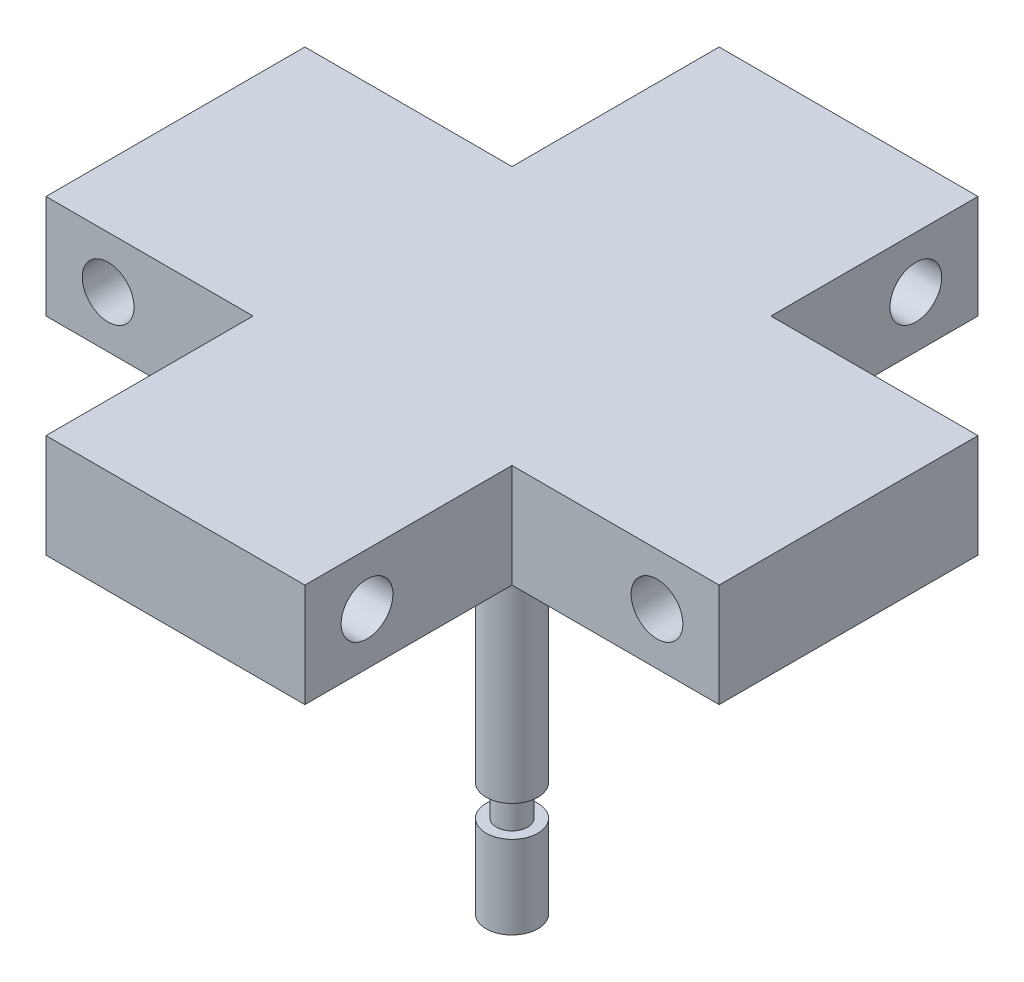
ISO-10303-21;
HEADER;
FILE_DESCRIPTION(('STEP AP214'),'2;1');
FILE_NAME('part.step','',(''),(''),'','','');
FILE_SCHEMA(('AUTOMOTIVE_DESIGN { 1 0 10303 214 1 1 1 1 }'));
ENDSEC;
DATA;
#1=APPLICATION_CONTEXT('core data for automotive mechanical design processes');
#2=APPLICATION_PROTOCOL_DEFINITION('international standard','automotive_design',2000,#1);
#3=PRODUCT_CONTEXT('',#1,'mechanical');
#4=PRODUCT('Part','Part','',(#3));
#5=PRODUCT_RELATED_PRODUCT_CATEGORY('part','',(#4));
#6=PRODUCT_DEFINITION_FORMATION('','',#4);
#7=PRODUCT_DEFINITION_CONTEXT('part definition',#1,'design');
#8=PRODUCT_DEFINITION('design','',#6,#7);
#9=PRODUCT_DEFINITION_SHAPE('','',#8);
#10=(LENGTH_UNIT() NAMED_UNIT(*) SI_UNIT(.MILLI.,.METRE.));
#11=(NAMED_UNIT(*) PLANE_ANGLE_UNIT() SI_UNIT($,.RADIAN.));
#12=(NAMED_UNIT(*) SI_UNIT($,.STERADIAN.) SOLID_ANGLE_UNIT());
#13=UNCERTAINTY_MEASURE_WITH_UNIT(LENGTH_MEASURE(1.E-05),#10,'distance_accuracy_value','');
#14=(GEOMETRIC_REPRESENTATION_CONTEXT(3) GLOBAL_UNCERTAINTY_ASSIGNED_CONTEXT((#13)) GLOBAL_UNIT_ASSIGNED_CONTEXT((#10,
#11,#12)) REPRESENTATION_CONTEXT('',''));
#15=CARTESIAN_POINT('',(0.,0.,0.));
#16=DIRECTION('',(0.,0.,1.));
#17=DIRECTION('',(1.,0.,0.));
#18=AXIS2_PLACEMENT_3D('',#15,#16,#17);
#19=CARTESIAN_POINT('',(0.,-40.,0.));
#20=DIRECTION('',(0.,1.,0.));
#21=DIRECTION('',(0.,0.,1.));
#22=AXIS2_PLACEMENT_3D('',#19,#20,#21);
#23=CYLINDRICAL_SURFACE('',#22,2.5);
#24=CARTESIAN_POINT('',(0.,0.,0.));
#25=DIRECTION('',(0.,1.,0.));
#26=DIRECTION('',(0.,0.,1.));
#27=AXIS2_PLACEMENT_3D('',#24,#25,#26);
#28=CIRCLE('',#27,2.5);
#29=CARTESIAN_POINT('',(0.,0.,2.5));
#30=VERTEX_POINT('',#29);
#31=EDGE_CURVE('E301',#30,#30,#28,.T.);
#32=ORIENTED_EDGE('',*,*,#31,.F.);
#33=EDGE_LOOP('',(#32));
#34=FACE_BOUND('',#33,.T.);
#35=CARTESIAN_POINT('',(0.,-29.,0.));
#36=DIRECTION('',(0.,1.,0.));
#37=DIRECTION('',(0.,0.,1.));
#38=AXIS2_PLACEMENT_3D('',#35,#36,#37);
#39=CIRCLE('',#38,2.5);
#40=CARTESIAN_POINT('',(0.,-29.,2.5));
#41=VERTEX_POINT('',#40);
#42=EDGE_CURVE('E298',#41,#41,#39,.T.);
#43=ORIENTED_EDGE('',*,*,#42,.T.);
#44=EDGE_LOOP('',(#43));
#45=FACE_BOUND('',#44,.T.);
#46=ADVANCED_FACE('F35',(#34,#45),#23,.T.);
#47=CARTESIAN_POINT('',(0.,10.,-12.5));
#48=DIRECTION('',(0.,0.,1.));
#49=DIRECTION('',(1.,0.,0.));
#50=AXIS2_PLACEMENT_3D('',#47,#48,#49);
#51=PLANE('',#50);
#52=CARTESIAN_POINT('',(-26.5000000000001,4.99999999999999,-12.5));
#53=DIRECTION('',(0.,0.,1.));
#54=DIRECTION('',(1.,0.,0.));
#55=AXIS2_PLACEMENT_3D('',#52,#53,#54);
#56=CIRCLE('',#55,2.49999999999999);
#57=CARTESIAN_POINT('',(-24.0000000000001,4.99999999999999,-12.5));
#58=VERTEX_POINT('',#57);
#59=EDGE_CURVE('E307',#58,#58,#56,.T.);
#60=ORIENTED_EDGE('',*,*,#59,.T.);
#61=EDGE_LOOP('',(#60));
#62=FACE_BOUND('',#61,.T.);
#63=DIRECTION('',(-1.,0.,0.));
#64=VECTOR('',#63,1.);
#65=CARTESIAN_POINT('',(0.,0.,-12.5));
#66=LINE('',#65,#64);
#67=CARTESIAN_POINT('',(-12.5,0.,-12.5));
#68=VERTEX_POINT('',#67);
#69=CARTESIAN_POINT('',(-32.5,0.,-12.5));
#70=VERTEX_POINT('',#69);
#71=EDGE_CURVE('E159',#68,#70,#66,.T.);
#72=ORIENTED_EDGE('',*,*,#71,.T.);
#73=DIRECTION('',(0.,-1.,0.));
#74=VECTOR('',#73,1.);
#75=CARTESIAN_POINT('',(-32.5,10.,-12.5));
#76=LINE('',#75,#74);
#77=CARTESIAN_POINT('',(-32.5,10.,-12.5));
#78=VERTEX_POINT('',#77);
#79=EDGE_CURVE('E11',#78,#70,#76,.T.);
#80=ORIENTED_EDGE('',*,*,#79,.F.);
#81=DIRECTION('',(-1.,0.,0.));
#82=VECTOR('',#81,1.);
#83=CARTESIAN_POINT('',(0.,10.,-12.5));
#84=LINE('',#83,#82);
#85=CARTESIAN_POINT('',(-12.5,10.,-12.5));
#86=VERTEX_POINT('',#85);
#87=EDGE_CURVE('E192',#86,#78,#84,.T.);
#88=ORIENTED_EDGE('',*,*,#87,.F.);
#89=DIRECTION('',(0.,-1.,0.));
#90=VECTOR('',#89,1.);
#91=CARTESIAN_POINT('',(-12.5,10.,-12.5));
#92=LINE('',#91,#90);
#93=EDGE_CURVE('E54',#86,#68,#92,.T.);
#94=ORIENTED_EDGE('',*,*,#93,.T.);
#95=EDGE_LOOP('',(#72,#80,#88,#94));
#96=FACE_BOUND('',#95,.T.);
#97=ADVANCED_FACE('F37',(#62,#96),#51,.F.);
#98=CARTESIAN_POINT('',(-32.5,10.,0.));
#99=DIRECTION('',(1.,0.,0.));
#100=DIRECTION('',(0.,0.,-1.));
#101=AXIS2_PLACEMENT_3D('',#98,#99,#100);
#102=PLANE('',#101);
#103=DIRECTION('',(0.,0.,1.));
#104=VECTOR('',#103,1.);
#105=CARTESIAN_POINT('',(-32.5,0.,0.));
#106=LINE('',#105,#104);
#107=CARTESIAN_POINT('',(-32.5,0.,12.5));
#108=VERTEX_POINT('',#107);
#109=EDGE_CURVE('E161',#70,#108,#106,.T.);
#110=ORIENTED_EDGE('',*,*,#109,.T.);
#111=DIRECTION('',(0.,-1.,0.));
#112=VECTOR('',#111,1.);
#113=CARTESIAN_POINT('',(-32.5,10.,12.5));
#114=LINE('',#113,#112);
#115=CARTESIAN_POINT('',(-32.5,10.,12.5));
#116=VERTEX_POINT('',#115);
#117=EDGE_CURVE('E45',#116,#108,#114,.T.);
#118=ORIENTED_EDGE('',*,*,#117,.F.);
#119=DIRECTION('',(0.,0.,1.));
#120=VECTOR('',#119,1.);
#121=CARTESIAN_POINT('',(-32.5,10.,0.));
#122=LINE('',#121,#120);
#123=EDGE_CURVE('E104',#78,#116,#122,.T.);
#124=ORIENTED_EDGE('',*,*,#123,.F.);
#125=ORIENTED_EDGE('',*,*,#79,.T.);
#126=EDGE_LOOP('',(#110,#118,#124,#125));
#127=FACE_BOUND('',#126,.T.);
#128=ADVANCED_FACE('F268',(#127),#102,.F.);
#129=CARTESIAN_POINT('',(0.,10.,12.5));
#130=DIRECTION('',(0.,0.,1.));
#131=DIRECTION('',(1.,0.,0.));
#132=AXIS2_PLACEMENT_3D('',#129,#130,#131);
#133=PLANE('',#132);
#134=CARTESIAN_POINT('',(-26.5000000000001,4.99999999999999,12.5));
#135=DIRECTION('',(0.,0.,1.));
#136=DIRECTION('',(1.,0.,0.));
#137=AXIS2_PLACEMENT_3D('',#134,#135,#136);
#138=CIRCLE('',#137,2.49999999999999);
#139=CARTESIAN_POINT('',(-24.0000000000001,4.99999999999999,12.5));
#140=VERTEX_POINT('',#139);
#141=EDGE_CURVE('E303',#140,#140,#138,.T.);
#142=ORIENTED_EDGE('',*,*,#141,.F.);
#143=EDGE_LOOP('',(#142));
#144=FACE_BOUND('',#143,.T.);
#145=DIRECTION('',(-1.,0.,0.));
#146=VECTOR('',#145,1.);
#147=CARTESIAN_POINT('',(0.,0.,12.5));
#148=LINE('',#147,#146);
#149=CARTESIAN_POINT('',(-12.5,0.,12.5));
#150=VERTEX_POINT('',#149);
#151=EDGE_CURVE('E165',#150,#108,#148,.T.);
#152=ORIENTED_EDGE('',*,*,#151,.F.);
#153=DIRECTION('',(0.,-1.,0.));
#154=VECTOR('',#153,1.);
#155=CARTESIAN_POINT('',(-12.5,10.,12.5));
#156=LINE('',#155,#154);
#157=CARTESIAN_POINT('',(-12.5,10.,12.5));
#158=VERTEX_POINT('',#157);
#159=EDGE_CURVE('E206',#158,#150,#156,.T.);
#160=ORIENTED_EDGE('',*,*,#159,.F.);
#161=DIRECTION('',(-1.,0.,0.));
#162=VECTOR('',#161,1.);
#163=CARTESIAN_POINT('',(0.,10.,12.5));
#164=LINE('',#163,#162);
#165=EDGE_CURVE('E229',#158,#116,#164,.T.);
#166=ORIENTED_EDGE('',*,*,#165,.T.);
#167=ORIENTED_EDGE('',*,*,#117,.T.);
#168=EDGE_LOOP('',(#152,#160,#166,#167));
#169=FACE_BOUND('',#168,.T.);
#170=ADVANCED_FACE('F340',(#144,#169),#133,.T.);
#171=CARTESIAN_POINT('',(-12.5,10.,0.));
#172=DIRECTION('',(1.,0.,0.));
#173=DIRECTION('',(0.,0.,-1.));
#174=AXIS2_PLACEMENT_3D('',#171,#172,#173);
#175=PLANE('',#174);
#176=CARTESIAN_POINT('',(-12.5,4.99999999995049,26.4999999987264));
#177=DIRECTION('',(1.,0.,0.));
#178=DIRECTION('',(0.,0.,-1.));
#179=AXIS2_PLACEMENT_3D('',#176,#177,#178);
#180=CIRCLE('',#179,2.5);
#181=CARTESIAN_POINT('',(-12.5,4.99999999995049,23.9999999987264));
#182=VERTEX_POINT('',#181);
#183=EDGE_CURVE('E162',#182,#182,#180,.T.);
#184=ORIENTED_EDGE('',*,*,#183,.T.);
#185=EDGE_LOOP('',(#184));
#186=FACE_BOUND('',#185,.T.);
#187=DIRECTION('',(0.,0.,1.));
#188=VECTOR('',#187,1.);
#189=CARTESIAN_POINT('',(-12.5,0.,0.));
#190=LINE('',#189,#188);
#191=CARTESIAN_POINT('',(-12.5,0.,32.5));
#192=VERTEX_POINT('',#191);
#193=EDGE_CURVE('E168',#150,#192,#190,.T.);
#194=ORIENTED_EDGE('',*,*,#193,.T.);
#195=DIRECTION('',(0.,-1.,0.));
#196=VECTOR('',#195,1.);
#197=CARTESIAN_POINT('',(-12.5,10.,32.5));
#198=LINE('',#197,#196);
#199=CARTESIAN_POINT('',(-12.5,10.,32.5));
#200=VERTEX_POINT('',#199);
#201=EDGE_CURVE('E204',#200,#192,#198,.T.);
#202=ORIENTED_EDGE('',*,*,#201,.F.);
#203=DIRECTION('',(0.,0.,1.));
#204=VECTOR('',#203,1.);
#205=CARTESIAN_POINT('',(-12.5,10.,0.));
#206=LINE('',#205,#204);
#207=EDGE_CURVE('E232',#158,#200,#206,.T.);
#208=ORIENTED_EDGE('',*,*,#207,.F.);
#209=ORIENTED_EDGE('',*,*,#159,.T.);
#210=EDGE_LOOP('',(#194,#202,#208,#209));
#211=FACE_BOUND('',#210,.T.);
#212=ADVANCED_FACE('F337',(#186,#211),#175,.F.);
#213=CARTESIAN_POINT('',(0.,10.,32.5));
#214=DIRECTION('',(0.,0.,1.));
#215=DIRECTION('',(1.,0.,0.));
#216=AXIS2_PLACEMENT_3D('',#213,#214,#215);
#217=PLANE('',#216);
#218=DIRECTION('',(-1.,0.,0.));
#219=VECTOR('',#218,1.);
#220=CARTESIAN_POINT('',(0.,0.,32.5));
#221=LINE('',#220,#219);
#222=CARTESIAN_POINT('',(12.5,0.,32.5));
#223=VERTEX_POINT('',#222);
#224=EDGE_CURVE('E171',#223,#192,#221,.T.);
#225=ORIENTED_EDGE('',*,*,#224,.F.);
#226=DIRECTION('',(0.,-1.,0.));
#227=VECTOR('',#226,1.);
#228=CARTESIAN_POINT('',(12.5,10.,32.5));
#229=LINE('',#228,#227);
#230=CARTESIAN_POINT('',(12.5,10.,32.5));
#231=VERTEX_POINT('',#230);
#232=EDGE_CURVE('E202',#231,#223,#229,.T.);
#233=ORIENTED_EDGE('',*,*,#232,.F.);
#234=DIRECTION('',(-1.,0.,0.));
#235=VECTOR('',#234,1.);
#236=CARTESIAN_POINT('',(0.,10.,32.5));
#237=LINE('',#236,#235);
#238=EDGE_CURVE('E234',#231,#200,#237,.T.);
#239=ORIENTED_EDGE('',*,*,#238,.T.);
#240=ORIENTED_EDGE('',*,*,#201,.T.);
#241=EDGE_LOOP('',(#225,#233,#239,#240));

**What to do**
Give back the lines of the listing from the one with "#215=DIRECTION('',(1.,0.,0.));" through the end, both included, exactly as written and with nothing added.

**Response for this exercise**
#215=DIRECTION('',(1.,0.,0.));
#216=AXIS2_PLACEMENT_3D('',#213,#214,#215);
#217=PLANE('',#216);
#218=DIRECTION('',(-1.,0.,0.));
#219=VECTOR('',#218,1.);
#220=CARTESIAN_POINT('',(0.,0.,32.5));
#221=LINE('',#220,#219);
#222=CARTESIAN_POINT('',(12.5,0.,32.5));
#223=VERTEX_POINT('',#222);
#224=EDGE_CURVE('E171',#223,#192,#221,.T.);
#225=ORIENTED_EDGE('',*,*,#224,.F.);
#226=DIRECTION('',(0.,-1.,0.));
#227=VECTOR('',#226,1.);
#228=CARTESIAN_POINT('',(12.5,10.,32.5));
#229=LINE('',#228,#227);
#230=CARTESIAN_POINT('',(12.5,10.,32.5));
#231=VERTEX_POINT('',#230);
#232=EDGE_CURVE('E202',#231,#223,#229,.T.);
#233=ORIENTED_EDGE('',*,*,#232,.F.);
#234=DIRECTION('',(-1.,0.,0.));
#235=VECTOR('',#234,1.);
#236=CARTESIAN_POINT('',(0.,10.,32.5));
#237=LINE('',#236,#235);
#238=EDGE_CURVE('E234',#231,#200,#237,.T.);
#239=ORIENTED_EDGE('',*,*,#238,.T.);
#240=ORIENTED_EDGE('',*,*,#201,.T.);
#241=EDGE_LOOP('',(#225,#233,#239,#240));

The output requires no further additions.